* Given data

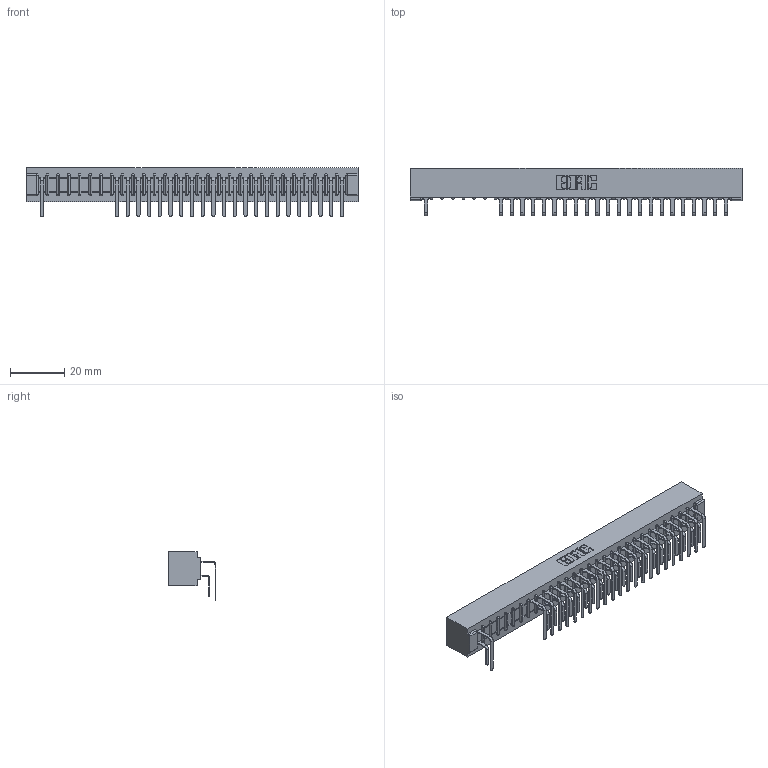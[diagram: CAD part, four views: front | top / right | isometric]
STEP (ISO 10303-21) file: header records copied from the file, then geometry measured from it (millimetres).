
FILE_DESCRIPTION (( 'STEP AP203' ), '1' );
FILE_NAME ('307-058-559-201.STEP', '2018-08-06T07:57:14', ( '' ), ( '' ), 'SwSTEP 2.0', 'SolidWorks 2016', '' );
FILE_SCHEMA (( 'CONFIG_CONTROL_DESIGN' ));
Length unit declared in the file: inch
Products named in the file (4): 307 Part_No Mounting Lugs; 307-290-001_558 559 - 1 (Single); 307-290-001_559 - 2 (Single); 307-058-559-201
Assembly tree (46 placements, depth 2):
  307-058-559-201
    307 Part_No Mounting Lugs
    307-290-001_558 559 - 1 (Single)  x22
    307-290-001_559 - 2 (Single)  x23
Bounding box: 122.78 x 17.69 x 18.07 mm (x, y, z)
Volume: 13544.8 mm3; surface area: 16693.2 mm2
Topology: 46 solids, 46 shells, 2520 faces, 7105 edges, 4594 vertices
Faces by surface type: plane 1629, cylinder 831, sphere 60
Entity records: 28145 total; most frequent: CARTESIAN_POINT 4662, ORIENTED_EDGE 4630, DIRECTION 4557, EDGE_CURVE 2315, VECTOR 1771, LINE 1771, VERTEX_POINT 1498, AXIS2_PLACEMENT_3D 1393
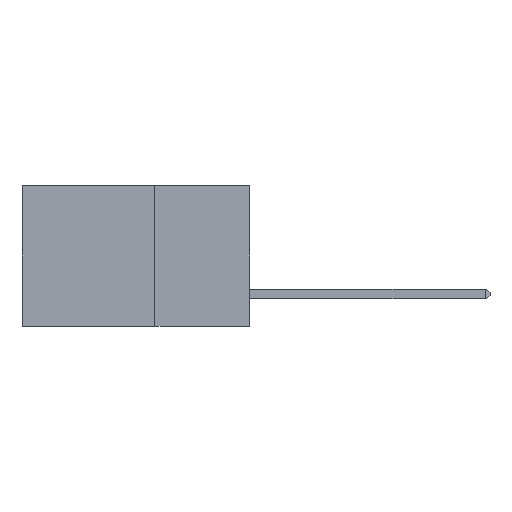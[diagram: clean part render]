
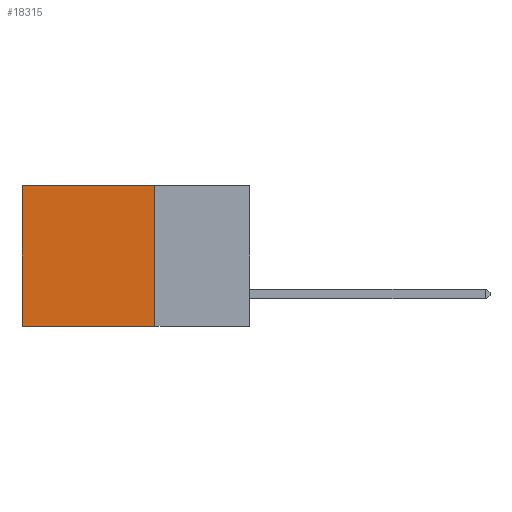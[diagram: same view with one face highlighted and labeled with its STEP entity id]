
A CAD part, left-side view. The second image highlights one B-rep face of the part: STEP entity #18315.
In plain terms, the highlighted planar face has unit normal (-1, 0, 0).
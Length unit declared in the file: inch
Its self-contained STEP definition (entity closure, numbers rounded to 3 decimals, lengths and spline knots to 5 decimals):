
#284 = VERTEX_POINT ( 'NONE', #12381 ) ;
#744 = CARTESIAN_POINT ( 'NONE',  ( 0.2875, 0.6, -0.37 ) ) ;
#1436 = DIRECTION ( 'NONE',  ( 0., 1., 0. ) ) ;
#1499 = ORIENTED_EDGE ( 'NONE', *, *, #9241, .T. ) ;
#1618 = PLANE ( 'NONE',  #14933 ) ;
#4254 = VERTEX_POINT ( 'NONE', #744 ) ;
#4839 = CARTESIAN_POINT ( 'NONE',  ( 0.2875, 0.25, 0. ) ) ;
#5297 = FACE_OUTER_BOUND ( 'NONE', #8387, .T. ) ;
#5492 = DIRECTION ( 'NONE',  ( 1., 0., 0. ) ) ;
#5502 = VECTOR ( 'NONE', #22333, 39.37008 ) ;
#6309 = EDGE_CURVE ( 'NONE', #9461, #284, #18225, .T. ) ;
#6998 = CARTESIAN_POINT ( 'NONE',  ( 0.2875, 0.25, -0.37 ) ) ;
#7281 = CARTESIAN_POINT ( 'NONE',  ( 0.2875, 0.6, 0. ) ) ;
#7707 = ORIENTED_EDGE ( 'NONE', *, *, #7973, .F. ) ;
#7973 = EDGE_CURVE ( 'NONE', #13475, #4254, #20826, .T. ) ;
#8387 = EDGE_LOOP ( 'NONE', ( #1499, #7707, #15655, #12169 ) ) ;
#8622 = VECTOR ( 'NONE', #1436, 39.37008 ) ;
#9241 = EDGE_CURVE ( 'NONE', #284, #4254, #10539, .T. ) ;
#9461 = VERTEX_POINT ( 'NONE', #23148 ) ;
#9930 = VECTOR ( 'NONE', #24455, 39.37008 ) ;
#10527 = DIRECTION ( 'NONE',  ( 0., 0., -1. ) ) ;
#10539 = LINE ( 'NONE', #7281, #9930 ) ;
#12169 = ORIENTED_EDGE ( 'NONE', *, *, #6309, .T. ) ;
#12193 = VECTOR ( 'NONE', #10527, 39.37008 ) ;
#12356 = EDGE_CURVE ( 'NONE', #9461, #13475, #17314, .T. ) ;
#12381 = CARTESIAN_POINT ( 'NONE',  ( 0.2875, 0.6, 0. ) ) ;
#13475 = VERTEX_POINT ( 'NONE', #23236 ) ;
#14933 = AXIS2_PLACEMENT_3D ( 'NONE', #20783, #5492, #18927 ) ;
#15655 = ORIENTED_EDGE ( 'NONE', *, *, #12356, .F. ) ;
#17314 = LINE ( 'NONE', #4839, #12193 ) ;
#18225 = LINE ( 'NONE', #18653, #8622 ) ;
#18315 = ADVANCED_FACE ( 'NONE', ( #5297 ), #1618, .F. ) ;
#18653 = CARTESIAN_POINT ( 'NONE',  ( 0.2875, 0.25, 0. ) ) ;
#18927 = DIRECTION ( 'NONE',  ( 0., 0., -1. ) ) ;
#20783 = CARTESIAN_POINT ( 'NONE',  ( 0.2875, 0.25, 0. ) ) ;
#20826 = LINE ( 'NONE', #6998, #5502 ) ;
#22333 = DIRECTION ( 'NONE',  ( 0., 1., 0. ) ) ;
#23148 = CARTESIAN_POINT ( 'NONE',  ( 0.2875, 0.25, 0. ) ) ;
#23236 = CARTESIAN_POINT ( 'NONE',  ( 0.2875, 0.25, -0.37 ) ) ;
#24455 = DIRECTION ( 'NONE',  ( 0., 0., -1. ) ) ;
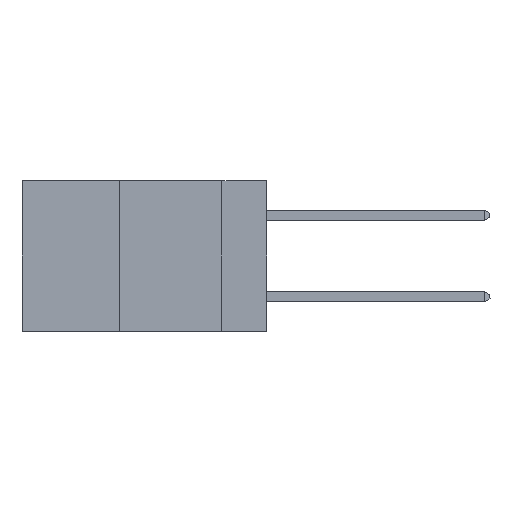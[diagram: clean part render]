
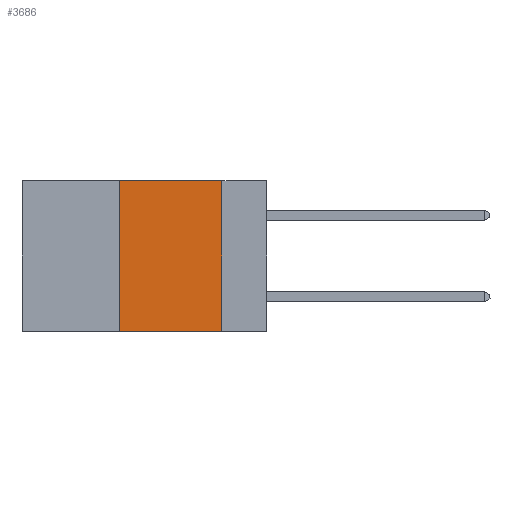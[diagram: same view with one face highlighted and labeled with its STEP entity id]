
A CAD part, left-side view. The second image highlights one B-rep face of the part: STEP entity #3686.
In plain terms, the highlighted planar face has unit normal (-1, 0, 0).
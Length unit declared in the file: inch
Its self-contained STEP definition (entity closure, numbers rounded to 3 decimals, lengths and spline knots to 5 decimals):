
#612 = DIRECTION ( 'NONE',  ( 0., -1., 0. ) ) ;
#1731 = DIRECTION ( 'NONE',  ( 0., -1., 0. ) ) ;
#1784 = ORIENTED_EDGE ( 'NONE', *, *, #6347, .F. ) ;
#2383 = LINE ( 'NONE', #18580, #17936 ) ;
#2469 = ORIENTED_EDGE ( 'NONE', *, *, #18900, .F. ) ;
#2823 = PLANE ( 'NONE',  #3282 ) ;
#3282 = AXIS2_PLACEMENT_3D ( 'NONE', #13294, #4264, #14884 ) ;
#3596 = ORIENTED_EDGE ( 'NONE', *, *, #5388, .F. ) ;
#3686 = ADVANCED_FACE ( 'NONE', ( #5823 ), #2823, .F. ) ;
#4264 = DIRECTION ( 'NONE',  ( 1., 0., 0. ) ) ;
#4411 = EDGE_CURVE ( 'NONE', #17058, #12469, #9009, .T. ) ;
#4513 = CARTESIAN_POINT ( 'NONE',  ( 0., 0.36, 0. ) ) ;
#4604 = LINE ( 'NONE', #17555, #8496 ) ;
#4670 = ORIENTED_EDGE ( 'NONE', *, *, #4411, .T. ) ;
#5388 = EDGE_CURVE ( 'NONE', #17058, #16704, #6927, .T. ) ;
#5501 = VERTEX_POINT ( 'NONE', #9252 ) ;
#5823 = FACE_OUTER_BOUND ( 'NONE', #13849, .T. ) ;
#6031 = CARTESIAN_POINT ( 'NONE',  ( 0., 0.36, 0. ) ) ;
#6347 = EDGE_CURVE ( 'NONE', #5501, #12469, #4604, .T. ) ;
#6927 = LINE ( 'NONE', #6031, #18660 ) ;
#8312 = DIRECTION ( 'NONE',  ( 0., 0., -1. ) ) ;
#8496 = VECTOR ( 'NONE', #8312, 39.37008 ) ;
#9009 = LINE ( 'NONE', #10505, #17245 ) ;
#9252 = CARTESIAN_POINT ( 'NONE',  ( 0., 0.11, 0. ) ) ;
#10505 = CARTESIAN_POINT ( 'NONE',  ( 0., 0.6, -0.37 ) ) ;
#12469 = VERTEX_POINT ( 'NONE', #19232 ) ;
#12699 = CARTESIAN_POINT ( 'NONE',  ( 0., 0.36, -0.37 ) ) ;
#13294 = CARTESIAN_POINT ( 'NONE',  ( 0., 0.6, 0. ) ) ;
#13647 = DIRECTION ( 'NONE',  ( 0., 0., 1. ) ) ;
#13849 = EDGE_LOOP ( 'NONE', ( #1784, #2469, #3596, #4670 ) ) ;
#14884 = DIRECTION ( 'NONE',  ( 0., 0., -1. ) ) ;
#16704 = VERTEX_POINT ( 'NONE', #4513 ) ;
#17058 = VERTEX_POINT ( 'NONE', #12699 ) ;
#17245 = VECTOR ( 'NONE', #1731, 39.37008 ) ;
#17555 = CARTESIAN_POINT ( 'NONE',  ( 0., 0.11, 0. ) ) ;
#17936 = VECTOR ( 'NONE', #612, 39.37008 ) ;
#18580 = CARTESIAN_POINT ( 'NONE',  ( 0., 0.6, 0. ) ) ;
#18660 = VECTOR ( 'NONE', #13647, 39.37008 ) ;
#18900 = EDGE_CURVE ( 'NONE', #16704, #5501, #2383, .T. ) ;
#19232 = CARTESIAN_POINT ( 'NONE',  ( 0., 0.11, -0.37 ) ) ;

* Exercise
Once the line with "#13475 = VERTEX_POINT ( 'NONE', #23236 ) ;" is found above, transcribe each line from it through the line with "#5501 = VERTEX_POINT ( 'NONE', #9252 ) ;", exactly, and omit the pictures.

* Task output
#13475 = VERTEX_POINT ( 'NONE', #23236 ) ;
#14933 = AXIS2_PLACEMENT_3D ( 'NONE', #20783, #5492, #18927 ) ;
#15655 = ORIENTED_EDGE ( 'NONE', *, *, #12356, .F. ) ;
#17314 = LINE ( 'NONE', #4839, #12193 ) ;
#18225 = LINE ( 'NONE', #18653, #8622 ) ;
#18315 = ADVANCED_FACE ( 'NONE', ( #5297 ), #1618, .F. ) ;
#18653 = CARTESIAN_POINT ( 'NONE',  ( 0.2875, 0.25, 0. ) ) ;
#18927 = DIRECTION ( 'NONE',  ( 0., 0., -1. ) ) ;
#20783 = CARTESIAN_POINT ( 'NONE',  ( 0.2875, 0.25, 0. ) ) ;
#20826 = LINE ( 'NONE', #6998, #5502 ) ;
#22333 = DIRECTION ( 'NONE',  ( 0., 1., 0. ) ) ;
#23148 = CARTESIAN_POINT ( 'NONE',  ( 0.2875, 0.25, 0. ) ) ;
#23236 = CARTESIAN_POINT ( 'NONE',  ( 0.2875, 0.25, -0.37 ) ) ;
#24455 = DIRECTION ( 'NONE',  ( 0., 0., -1. ) ) ;
[diagram: clean part render]
[diagram: same view with one face highlighted and labeled with its STEP entity id]
A CAD part, left-side view. The second image highlights one B-rep face of the part: STEP entity #3686.
In plain terms, the highlighted planar face has unit normal (-1, 0, 0).
Length unit declared in the file: inch
Its self-contained STEP definition (entity closure, numbers rounded to 3 decimals, lengths and spline knots to 5 decimals):
#612 = DIRECTION ( 'NONE',  ( 0., -1., 0. ) ) ;
#1731 = DIRECTION ( 'NONE',  ( 0., -1., 0. ) ) ;
#1784 = ORIENTED_EDGE ( 'NONE', *, *, #6347, .F. ) ;
#2383 = LINE ( 'NONE', #18580, #17936 ) ;
#2469 = ORIENTED_EDGE ( 'NONE', *, *, #18900, .F. ) ;
#2823 = PLANE ( 'NONE',  #3282 ) ;
#3282 = AXIS2_PLACEMENT_3D ( 'NONE', #13294, #4264, #14884 ) ;
#3596 = ORIENTED_EDGE ( 'NONE', *, *, #5388, .F. ) ;
#3686 = ADVANCED_FACE ( 'NONE', ( #5823 ), #2823, .F. ) ;
#4264 = DIRECTION ( 'NONE',  ( 1., 0., 0. ) ) ;
#4411 = EDGE_CURVE ( 'NONE', #17058, #12469, #9009, .T. ) ;
#4513 = CARTESIAN_POINT ( 'NONE',  ( 0., 0.36, 0. ) ) ;
#4604 = LINE ( 'NONE', #17555, #8496 ) ;
#4670 = ORIENTED_EDGE ( 'NONE', *, *, #4411, .T. ) ;
#5388 = EDGE_CURVE ( 'NONE', #17058, #16704, #6927, .T. ) ;
#5501 = VERTEX_POINT ( 'NONE', #9252 ) ;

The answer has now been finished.